The characteristic extracting module (2) expands that data access module (1) is connect and it is used to read input data with multiple, Including integral unit (21) and data type extraction unit (22), integral unit (21) reception is multiple to expand data access module Input data and input data is integrated, input data is integrated into prefab data collection；The data type is extracted Unit (22) is connect with integral unit (21) and it is used to obtain prefab data collection, speculates that prefab data concentrates the number of each column Data type mark is carried out according to type, and to it.

2. a kind of scalability big data analysis platform based on Hadoop and Spark according to claim 1, feature It is, the global data analysis module (3) has global storage unit, and global data analysis module (3) is mentioned with data type It takes unit (22) to connect and it is used to carry out prefab data collection batch global analysis or online real-time global analysis, based on interior The calculating of row iteration formula is deposited into, carries out global analysis to magnanimity prefab data collection and decomposed to store to the overall situation after analysis to store Unit.

3. a kind of scalability big data analysis platform based on Hadoop and Spark according to claim 1 or 2, It is characterized in that, the data management module (4), will by http agreement for being managed to data in global storage unit Data upload in the distributed file system of platform.

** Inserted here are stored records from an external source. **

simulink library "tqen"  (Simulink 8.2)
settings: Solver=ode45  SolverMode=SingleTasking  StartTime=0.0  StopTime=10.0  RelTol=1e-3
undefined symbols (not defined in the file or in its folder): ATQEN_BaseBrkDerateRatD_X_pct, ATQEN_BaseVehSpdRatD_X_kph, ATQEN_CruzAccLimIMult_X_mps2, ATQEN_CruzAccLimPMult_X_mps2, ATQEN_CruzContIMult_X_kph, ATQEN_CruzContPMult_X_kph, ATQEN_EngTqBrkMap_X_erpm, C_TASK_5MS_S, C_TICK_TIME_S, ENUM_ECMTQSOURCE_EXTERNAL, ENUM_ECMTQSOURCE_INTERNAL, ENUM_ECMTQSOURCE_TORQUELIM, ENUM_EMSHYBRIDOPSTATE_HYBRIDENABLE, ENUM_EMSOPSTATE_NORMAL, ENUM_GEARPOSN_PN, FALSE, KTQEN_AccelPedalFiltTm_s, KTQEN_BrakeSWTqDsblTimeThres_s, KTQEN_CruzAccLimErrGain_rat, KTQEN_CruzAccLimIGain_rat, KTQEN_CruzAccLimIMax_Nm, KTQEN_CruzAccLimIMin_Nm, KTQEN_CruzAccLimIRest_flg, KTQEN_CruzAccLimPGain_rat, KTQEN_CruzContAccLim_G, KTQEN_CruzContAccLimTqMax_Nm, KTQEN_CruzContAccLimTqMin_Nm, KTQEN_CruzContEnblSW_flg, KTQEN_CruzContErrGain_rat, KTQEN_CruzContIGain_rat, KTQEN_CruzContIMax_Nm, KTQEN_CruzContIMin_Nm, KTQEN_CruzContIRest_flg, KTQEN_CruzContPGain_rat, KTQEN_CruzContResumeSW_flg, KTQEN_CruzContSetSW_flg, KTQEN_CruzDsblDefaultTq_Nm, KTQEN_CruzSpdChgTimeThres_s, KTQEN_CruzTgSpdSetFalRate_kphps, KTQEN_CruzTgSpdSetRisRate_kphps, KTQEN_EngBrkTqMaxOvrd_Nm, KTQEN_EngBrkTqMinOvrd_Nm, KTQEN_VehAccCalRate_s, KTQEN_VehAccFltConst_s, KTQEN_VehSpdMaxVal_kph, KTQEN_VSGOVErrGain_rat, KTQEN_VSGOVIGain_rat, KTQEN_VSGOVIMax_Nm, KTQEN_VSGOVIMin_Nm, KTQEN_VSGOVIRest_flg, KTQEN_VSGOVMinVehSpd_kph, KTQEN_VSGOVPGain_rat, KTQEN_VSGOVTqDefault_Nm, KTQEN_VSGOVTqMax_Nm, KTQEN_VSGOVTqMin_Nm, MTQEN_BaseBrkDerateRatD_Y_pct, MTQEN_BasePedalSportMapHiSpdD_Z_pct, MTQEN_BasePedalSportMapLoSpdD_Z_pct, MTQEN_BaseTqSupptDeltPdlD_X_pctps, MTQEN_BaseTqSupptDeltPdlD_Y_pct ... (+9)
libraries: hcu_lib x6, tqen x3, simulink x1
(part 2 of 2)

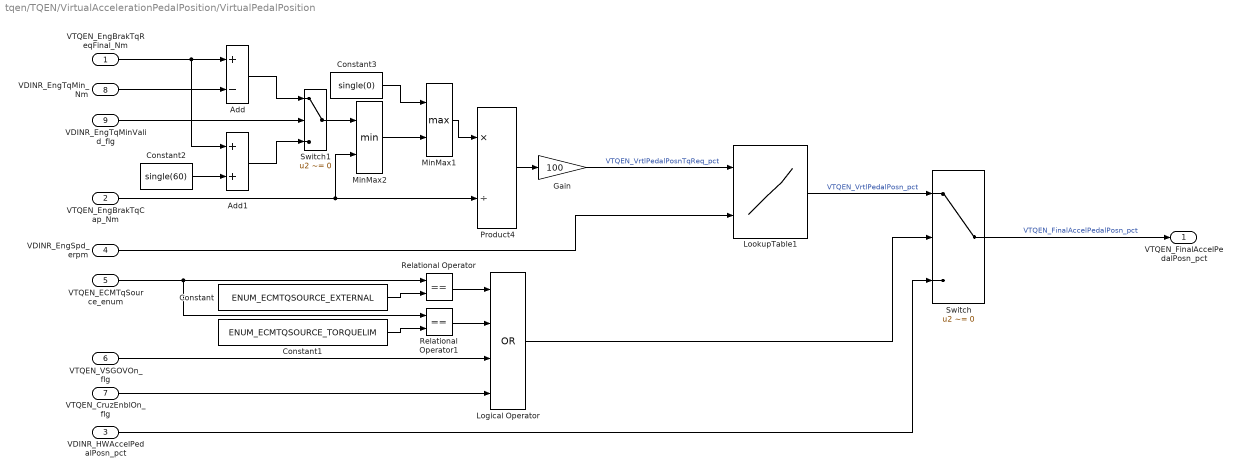
== system tqen/TQEN/VirtualAccelerationPedalPosition/VirtualPedalPosition ==
  VTQEN_EngBrakTqReqFinal_Nm : Inport
  VTQEN_EngBrakTqCap_Nm : Inport  Port=2
  VDINR_HWAccelPedalPosn_pct : Inport  Port=3
  VDINR_EngSpd_erpm : Inport  Port=4
  VTQEN_ECMTqSource_enum : Inport  Port=5
  VTQEN_VSGOVOn_flg : Inport  Port=6
  VTQEN_CruzEnblOn_flg : Inport  Port=7
  VDINR_EngTqMin_Nm : Inport  Port=8
  VDINR_EngTqMinValid_flg : Inport  Port=9
  Add : Sum  Inputs=+-
  Add1 : Sum
  Constant : Constant  Value=ENUM_ECMTQSOURCE_EXTERNAL
  Constant1 : Constant  Value=ENUM_ECMTQSOURCE_TORQUELIM
  Constant2 : Constant  Value=single(60)
  Constant3 : Constant  Value=single(0)
  Gain : Gain  Gain=100
  Logical Operator : Logic  Operator=OR  Inputs=4  AllPortsSameDT=off  OutDataTypeStr=boolean
  LookupTable1 : Lookup2D  RowIndex=ATQEN_VirtualPedalMap_X_pct  ColumnIndex=ATQEN_VirtualPedalMap_Y_erpm  Table=MTQEN_VirtualPedalMap_Z_pct  LookUpMeth=Interpolation-Use End Values
      settings: AttributesFormatString=<row =%<RowIndex>>\n<column = %<ColumnIndex>>\n<output = %<Table>>
  MinMax1 : MinMax  Function=max  Inputs=2
  MinMax2 : MinMax  Inputs=2
  Product4 : Product  Inputs=*/  RndMeth=Zero
  Relational Operator : RelationalOperator  Operator===  OutDataTypeStr=boolean
  Relational Operator1 : RelationalOperator  Operator===  OutDataTypeStr=boolean
  Switch : Switch  Criteria=u2 ~= 0
  Switch1 : Switch  Criteria=u2 ~= 0
  VTQEN_FinalAccelPedalPosn_pct : Outport
  wires:
  Constant3/1 -> MinMax1/1
  MinMax2/1 -> MinMax1/2
  Constant2/1 -> Add1/2
  VTQEN_EngBrakTqReqFinal_Nm/1 -> Add/1, Add1/1
  Add1/1 -> Switch1/3
  VDINR_EngTqMinValid_flg/1 -> Switch1/2
  Switch1/1 -> MinMax2/1
  VDINR_EngTqMin_Nm/1 -> Add/2
  Add/1 -> Switch1/1
  VTQEN_CruzEnblOn_flg/1 -> Logical Operator/4
  VTQEN_VSGOVOn_flg/1 -> Logical Operator/3
  Constant1/1 -> Relational Operator1/2
  Relational Operator1/1 -> Logical Operator/2
  Constant/1 -> Relational Operator/2
  Logical Operator/1 -> Switch/2
  LookupTable1/1 -> Switch/1  "VTQEN_VrtlPedalPosn_pct"
  VDINR_EngSpd_erpm/1 -> LookupTable1/2
  Relational Operator/1 -> Logical Operator/1
  Gain/1 -> LookupTable1/1  "VTQEN_VrtlPedalPosnTqReq_pct"
  Product4/1 -> Gain/1
  VTQEN_EngBrakTqCap_Nm/1 -> Product4/2, MinMax2/2
  MinMax1/1 -> Product4/1
  VDINR_HWAccelPedalPosn_pct/1 -> Switch/3
  VTQEN_ECMTqSource_enum/1 -> Relational Operator1/1, Relational Operator/1
  Switch/1 -> VTQEN_FinalAccelPedalPosn_pct/1  "VTQEN_FinalAccelPedalPosn_pct"

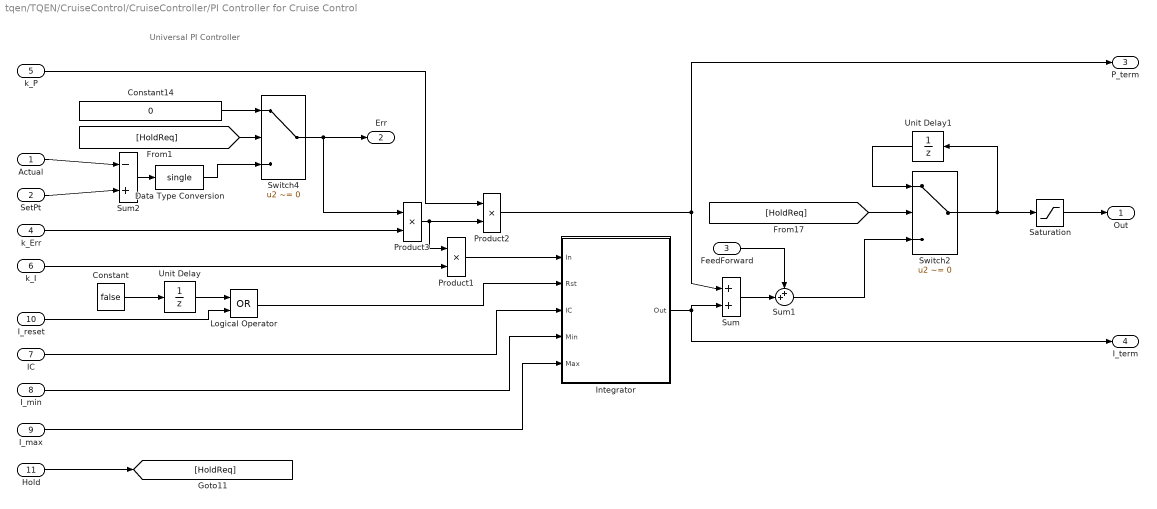
== system tqen/TQEN/CruiseControl/CruiseController/PI Controller for Cruise Control ==
  note: Universal PI Controller
  Actual : Inport
  SetPt : Inport  Port=2
  FeedForward : Inport  Port=3
  k_Err : Inport  Port=4
  k_P : Inport  Port=5
  k_I : Inport  Port=6
  IC : Inport  Port=7
  I_min : Inport  Port=8
  I_max : Inport  Port=9
  I_reset : Inport  Port=10
  Hold : Inport  Port=11
  Constant : Constant  Value=false  OutDataTypeStr=boolean
  Constant14 : Constant  Value=0  OutDataTypeStr=single
  Data Type Conversion : DataTypeConversion  OutDataTypeStr=single  SaturateOnIntegerOverflow=on  RndMeth=Zero
  Integrator : Subsystem  TreatAsAtomicUnit=on
  Logical Operator : Logic  Operator=OR  AllPortsSameDT=off  OutDataTypeStr=boolean
  Product1 : Product  InputSameDT=on  OutDataTypeStr=Inherit: Same as first input
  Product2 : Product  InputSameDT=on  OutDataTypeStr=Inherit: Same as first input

4. a kind of scalability big data analysis platform based on Hadoop and Spark according to claim 1, feature It is, flow tube reason module (5) is for being managed the workflow in platform, additions and deletions change and look into.

5. a kind of scalability big data analysis platform based on Hadoop and Spark according to claim 1, feature It is, the operator management module (6) is used to be managed all kinds of spark operators encapsulated in platform, and by platform to this A little operators are patterned encapsulation, and operator management module (6) utilizes spark dataframe operator classified catalogue formula management method Operator is classified, and managed, shown and generate classified catalogue.

6. a kind of scalability big data analysis platform based on Hadoop and Spark according to claim 5, feature It is, the operator management module (6) includes slice unit, and slice unit is to obtain operator slice by predetermined period and to this Operator slice is managed.

7. -6 any a kind of scalability big data analysis platform based on Hadoop and Spark according to claim 1 Analysis method, which comprises the following steps:

S1: data access module (1) can be expanded and provide multiple data sources access and by data source access features extraction module (2)；

S2: characteristic extracting module (2) obtains multiple data sources and is integrated, extracted to it；

S3: global data analysis module (3) carries out global analysis to the data after integration, extraction, is sent to after global analysis To data management module (4)；

S4: data management module (4) is managed data in global storage unit, and is upload the data to by http agreement In the distributed file system of platform；

S5: operator management module (6) carries out periodical management to all kinds of spark operators encapsulated in platform.